Women and Millennials Are the Fastest-Growing Forces in Art Collecting, a New Study Finds
Nearly one third of wealthy women own art or are interested in buying it.
Statistics about the collecting patterns of new or newly wealthy art buyers are notoriously hard to come by, apart from what can be gleaned through analyzing auction data, usually at the very top of the market. However, the latest survey from US Trust, the private wealth management division of Bank of America, may help shine more light on the matter.
The findings showed that while the traditional art market is still largely dominated by male collectors, women are an undeniably growing force. Among all survey respondents, one in three high-net-worth women either owns art (14 percent) or is interested in collecting (16 percent), with interest among women higher than men. A considerable uptick in online art buying is also being largely driven by women, the survey found.

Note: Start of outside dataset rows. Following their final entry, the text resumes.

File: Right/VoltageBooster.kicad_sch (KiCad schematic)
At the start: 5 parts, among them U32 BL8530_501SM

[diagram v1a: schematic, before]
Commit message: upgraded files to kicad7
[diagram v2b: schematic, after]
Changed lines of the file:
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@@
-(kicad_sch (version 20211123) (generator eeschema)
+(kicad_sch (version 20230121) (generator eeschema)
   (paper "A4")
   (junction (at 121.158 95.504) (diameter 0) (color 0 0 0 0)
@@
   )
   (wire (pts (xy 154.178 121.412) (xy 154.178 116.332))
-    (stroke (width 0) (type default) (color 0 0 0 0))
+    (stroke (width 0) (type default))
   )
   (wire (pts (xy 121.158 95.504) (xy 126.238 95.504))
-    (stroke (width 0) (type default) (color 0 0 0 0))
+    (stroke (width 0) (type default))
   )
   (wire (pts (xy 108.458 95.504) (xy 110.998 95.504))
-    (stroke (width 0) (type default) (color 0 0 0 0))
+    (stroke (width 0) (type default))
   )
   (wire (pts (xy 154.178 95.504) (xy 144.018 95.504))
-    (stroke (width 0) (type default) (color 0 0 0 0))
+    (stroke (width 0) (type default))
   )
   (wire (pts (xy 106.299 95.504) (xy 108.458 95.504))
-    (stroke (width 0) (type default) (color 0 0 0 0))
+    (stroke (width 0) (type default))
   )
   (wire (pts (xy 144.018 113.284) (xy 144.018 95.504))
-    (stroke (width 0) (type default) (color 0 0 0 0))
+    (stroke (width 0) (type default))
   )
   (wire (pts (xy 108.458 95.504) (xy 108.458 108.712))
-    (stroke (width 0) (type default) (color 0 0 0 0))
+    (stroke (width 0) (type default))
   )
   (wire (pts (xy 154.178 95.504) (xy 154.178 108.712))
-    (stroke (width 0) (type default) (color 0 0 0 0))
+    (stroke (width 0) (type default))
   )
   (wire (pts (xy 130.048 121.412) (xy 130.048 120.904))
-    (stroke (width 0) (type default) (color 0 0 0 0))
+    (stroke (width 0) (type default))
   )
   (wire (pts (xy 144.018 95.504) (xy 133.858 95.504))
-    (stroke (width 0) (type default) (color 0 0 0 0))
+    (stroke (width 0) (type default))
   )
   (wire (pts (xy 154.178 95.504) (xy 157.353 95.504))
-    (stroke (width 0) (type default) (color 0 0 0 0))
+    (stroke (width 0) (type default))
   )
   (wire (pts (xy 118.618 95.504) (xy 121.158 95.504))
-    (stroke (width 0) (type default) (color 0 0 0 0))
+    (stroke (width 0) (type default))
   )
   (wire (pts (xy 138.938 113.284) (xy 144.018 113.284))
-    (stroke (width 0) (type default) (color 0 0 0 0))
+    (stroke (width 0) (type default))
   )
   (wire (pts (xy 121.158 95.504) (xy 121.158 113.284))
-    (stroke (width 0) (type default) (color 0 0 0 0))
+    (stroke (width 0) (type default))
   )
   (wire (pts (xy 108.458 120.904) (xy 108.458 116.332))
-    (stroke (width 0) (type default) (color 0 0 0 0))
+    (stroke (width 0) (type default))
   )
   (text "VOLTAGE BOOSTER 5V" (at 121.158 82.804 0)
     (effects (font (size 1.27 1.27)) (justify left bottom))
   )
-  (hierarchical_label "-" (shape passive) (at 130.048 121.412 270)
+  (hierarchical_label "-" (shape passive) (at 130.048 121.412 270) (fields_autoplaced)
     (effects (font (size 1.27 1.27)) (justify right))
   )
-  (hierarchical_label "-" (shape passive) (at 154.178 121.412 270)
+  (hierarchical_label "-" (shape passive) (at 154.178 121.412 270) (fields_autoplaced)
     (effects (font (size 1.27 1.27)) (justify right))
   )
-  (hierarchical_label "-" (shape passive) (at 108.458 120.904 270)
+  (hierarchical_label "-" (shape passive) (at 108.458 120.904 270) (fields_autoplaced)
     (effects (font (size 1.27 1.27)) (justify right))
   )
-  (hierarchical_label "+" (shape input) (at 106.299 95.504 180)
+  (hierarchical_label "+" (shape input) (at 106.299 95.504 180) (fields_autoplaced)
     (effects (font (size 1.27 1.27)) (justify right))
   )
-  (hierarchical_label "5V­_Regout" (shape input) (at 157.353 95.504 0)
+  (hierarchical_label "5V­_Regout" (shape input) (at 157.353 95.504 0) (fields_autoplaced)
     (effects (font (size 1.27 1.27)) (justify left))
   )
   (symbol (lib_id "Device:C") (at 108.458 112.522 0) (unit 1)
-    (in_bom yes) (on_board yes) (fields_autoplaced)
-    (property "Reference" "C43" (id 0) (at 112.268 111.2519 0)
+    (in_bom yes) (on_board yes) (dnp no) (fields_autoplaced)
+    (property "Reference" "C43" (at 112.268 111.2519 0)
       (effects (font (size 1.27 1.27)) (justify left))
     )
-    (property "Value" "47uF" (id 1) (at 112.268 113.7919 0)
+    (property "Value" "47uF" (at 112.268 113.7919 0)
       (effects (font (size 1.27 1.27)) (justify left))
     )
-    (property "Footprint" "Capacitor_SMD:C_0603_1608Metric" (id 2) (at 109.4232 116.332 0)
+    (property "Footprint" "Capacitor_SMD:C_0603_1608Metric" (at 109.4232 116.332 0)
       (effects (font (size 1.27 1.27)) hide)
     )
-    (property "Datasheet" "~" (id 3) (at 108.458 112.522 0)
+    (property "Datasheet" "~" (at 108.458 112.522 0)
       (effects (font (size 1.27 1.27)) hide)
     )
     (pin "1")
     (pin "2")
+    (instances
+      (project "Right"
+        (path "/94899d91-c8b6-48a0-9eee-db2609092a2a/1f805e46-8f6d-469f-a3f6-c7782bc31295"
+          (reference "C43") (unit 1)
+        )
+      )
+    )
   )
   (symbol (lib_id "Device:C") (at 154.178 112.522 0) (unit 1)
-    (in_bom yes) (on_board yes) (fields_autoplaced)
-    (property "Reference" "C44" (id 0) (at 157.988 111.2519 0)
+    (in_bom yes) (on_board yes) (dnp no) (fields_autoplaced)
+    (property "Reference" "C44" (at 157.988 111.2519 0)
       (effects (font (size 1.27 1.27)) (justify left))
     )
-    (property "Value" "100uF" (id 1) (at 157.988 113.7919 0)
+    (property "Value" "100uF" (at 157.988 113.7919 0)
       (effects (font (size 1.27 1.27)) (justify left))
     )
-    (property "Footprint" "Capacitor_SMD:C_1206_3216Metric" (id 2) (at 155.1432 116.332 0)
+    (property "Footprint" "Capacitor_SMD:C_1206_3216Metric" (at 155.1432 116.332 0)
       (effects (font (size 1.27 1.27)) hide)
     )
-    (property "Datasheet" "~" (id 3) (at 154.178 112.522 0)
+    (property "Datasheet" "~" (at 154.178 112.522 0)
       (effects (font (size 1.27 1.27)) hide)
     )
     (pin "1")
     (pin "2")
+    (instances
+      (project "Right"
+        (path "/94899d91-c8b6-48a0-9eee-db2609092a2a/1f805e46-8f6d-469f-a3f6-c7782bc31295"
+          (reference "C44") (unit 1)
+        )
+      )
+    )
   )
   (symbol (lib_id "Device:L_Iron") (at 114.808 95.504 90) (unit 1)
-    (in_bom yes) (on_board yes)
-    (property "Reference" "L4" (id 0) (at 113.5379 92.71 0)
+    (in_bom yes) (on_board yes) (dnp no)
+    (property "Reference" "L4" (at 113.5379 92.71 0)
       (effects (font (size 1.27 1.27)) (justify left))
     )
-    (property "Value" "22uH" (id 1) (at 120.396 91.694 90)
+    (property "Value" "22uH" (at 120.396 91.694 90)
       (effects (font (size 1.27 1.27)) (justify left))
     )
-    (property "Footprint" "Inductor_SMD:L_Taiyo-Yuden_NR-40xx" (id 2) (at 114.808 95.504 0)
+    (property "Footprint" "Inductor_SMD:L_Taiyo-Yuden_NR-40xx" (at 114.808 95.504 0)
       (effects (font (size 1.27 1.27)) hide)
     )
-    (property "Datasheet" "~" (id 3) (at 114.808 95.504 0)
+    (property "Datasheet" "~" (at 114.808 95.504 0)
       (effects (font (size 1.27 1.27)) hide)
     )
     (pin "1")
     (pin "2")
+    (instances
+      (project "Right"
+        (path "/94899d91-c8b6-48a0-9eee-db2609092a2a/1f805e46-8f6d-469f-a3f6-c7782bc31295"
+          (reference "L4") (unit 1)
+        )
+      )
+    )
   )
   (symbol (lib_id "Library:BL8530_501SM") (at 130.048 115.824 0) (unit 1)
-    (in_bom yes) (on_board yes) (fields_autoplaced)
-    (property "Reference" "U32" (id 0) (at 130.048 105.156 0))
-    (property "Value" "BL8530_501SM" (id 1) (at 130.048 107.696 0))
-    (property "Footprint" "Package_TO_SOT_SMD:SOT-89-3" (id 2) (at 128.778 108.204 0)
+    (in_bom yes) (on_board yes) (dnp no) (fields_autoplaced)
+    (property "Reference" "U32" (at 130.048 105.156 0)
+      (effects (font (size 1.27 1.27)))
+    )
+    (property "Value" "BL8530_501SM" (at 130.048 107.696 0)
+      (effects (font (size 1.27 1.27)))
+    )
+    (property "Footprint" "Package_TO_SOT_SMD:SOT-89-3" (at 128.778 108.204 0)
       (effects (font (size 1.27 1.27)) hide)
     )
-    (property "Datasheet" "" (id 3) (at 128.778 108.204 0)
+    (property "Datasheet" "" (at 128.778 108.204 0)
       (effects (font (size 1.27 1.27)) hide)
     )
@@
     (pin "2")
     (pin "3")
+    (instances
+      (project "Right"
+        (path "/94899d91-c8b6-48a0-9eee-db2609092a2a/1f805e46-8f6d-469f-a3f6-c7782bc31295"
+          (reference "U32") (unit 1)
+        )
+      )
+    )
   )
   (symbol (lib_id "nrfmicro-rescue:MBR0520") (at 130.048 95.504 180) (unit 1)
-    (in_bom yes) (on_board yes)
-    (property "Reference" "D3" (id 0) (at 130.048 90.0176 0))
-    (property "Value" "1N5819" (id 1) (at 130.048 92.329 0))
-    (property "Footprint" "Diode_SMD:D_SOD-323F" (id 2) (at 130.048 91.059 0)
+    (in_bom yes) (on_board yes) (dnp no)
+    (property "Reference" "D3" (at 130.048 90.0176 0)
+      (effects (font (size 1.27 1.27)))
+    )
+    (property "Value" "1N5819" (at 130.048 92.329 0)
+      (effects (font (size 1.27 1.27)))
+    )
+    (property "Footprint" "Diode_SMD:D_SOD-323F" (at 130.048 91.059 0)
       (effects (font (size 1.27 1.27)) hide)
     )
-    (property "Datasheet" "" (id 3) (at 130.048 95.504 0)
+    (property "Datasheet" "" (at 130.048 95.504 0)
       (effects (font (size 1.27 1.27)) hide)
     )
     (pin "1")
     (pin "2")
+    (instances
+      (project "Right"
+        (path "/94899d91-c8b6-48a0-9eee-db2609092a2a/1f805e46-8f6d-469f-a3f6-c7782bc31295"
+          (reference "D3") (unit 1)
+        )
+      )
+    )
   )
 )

US Trust has been periodically surveying wealthy households since 1993. The latest independent study surveyed 892 high-net-worth and ultra-high-net-worth households across the country. The special section on art includes findings about respondents’ reasons for buying, frequency of buying and selling, and their longer-term views of their art holdings, such as aesthetic value versus financial appreciation.
While baby boomers are still the dominant generation of art collectors—comprising about half of all current collectors—millennials are the fastest growing segment. Their rates of art ownership rose 8 percent since last year, to 36 percent of the total respondents.
While aesthetic enjoyment continues to be the primary reason for collecting art, “a generational shift is now underway,” the survey said. Younger collectors tend to be more financially driven and attuned to the role of art as a financial asset, with a third of millennial collectors seeing their art as an asset to leverage into more wealth. This new generation of aspiring collectors is also drawn to the social aspects of collecting, such as engaging with other collectors and artists, the survey found.
More than 75 percent of the collectors polled said they “anticipate making a purchase this year.” Nearly all (97 percent) of millennial collectors and 60 percent of Gen X collectors said they would buy this year. Plus, younger collectors appear to have less reservation when it comes to selling: “The old adage that collectors aren’t sellers is fading. . .Expect more market churn going forward, especially via digital channels, which may bode well for auction houses and dealers.”
The survey also showed a considerable uptick in online art buying: 43 percent more collectors bought art online in the past year compared with 2017. Women were the biggest drivers of the growth in online acquisitions, which may be partly attributed to the “rise of the digital channel for decorative arts in particular,” according to the survey.